**What the exercise asks**
Without changing a word, return the listing below, minus its images.

**Data provided**
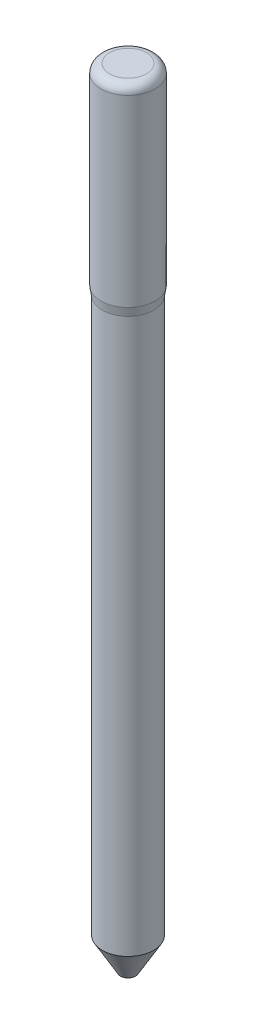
from build123d import *


with BuildPart() as part:
    # Sketch1 → Revolve1 (revolve)
    with BuildSketch(Plane.XY, mode=Mode.PRIVATE) as revolve1_sk:
        with BuildLine():
            Line((0, 0), (0.215384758, 0))
            Line((0.215384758, 0), (0.735, 0.9))
            Line((0.735, 0.9), (0.735, 16.75))
            Line((0.735, 16.75), (0.775, 17))
            Line((0.775, 17), (0.775, 22.25))
            ThreePointArc((0.775, 22.25), (0.701776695, 22.426776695), (0.525, 22.5))
            Line((0.525, 22.5), (0, 22.5))
            Line((0, 22.5), (0, 0))
        make_face()
    revolve(revolve1_sk.sketch.rotate(Axis((0, 0, 0), (0, 1, 0)), 90), axis=Axis((0, 0, 0), (0, 1, 0)))


solid = part.part

**Response to the task**
from build123d import *


with BuildPart() as part:
    # Sketch1 → Revolve1 (revolve)
    with BuildSketch(Plane.XY, mode=Mode.PRIVATE) as revolve1_sk:
        with BuildLine():
            Line((0, 0), (0.215384758, 0))
            Line((0.215384758, 0), (0.735, 0.9))
            Line((0.735, 0.9), (0.735, 16.75))
            Line((0.735, 16.75), (0.775, 17))
            Line((0.775, 17), (0.775, 22.25))
            ThreePointArc((0.775, 22.25), (0.701776695, 22.426776695), (0.525, 22.5))
            Line((0.525, 22.5), (0, 22.5))
            Line((0, 22.5), (0, 0))
        make_face()
    revolve(revolve1_sk.sketch.rotate(Axis((0, 0, 0), (0, 1, 0)), 90), axis=Axis((0, 0, 0), (0, 1, 0)))


solid = part.part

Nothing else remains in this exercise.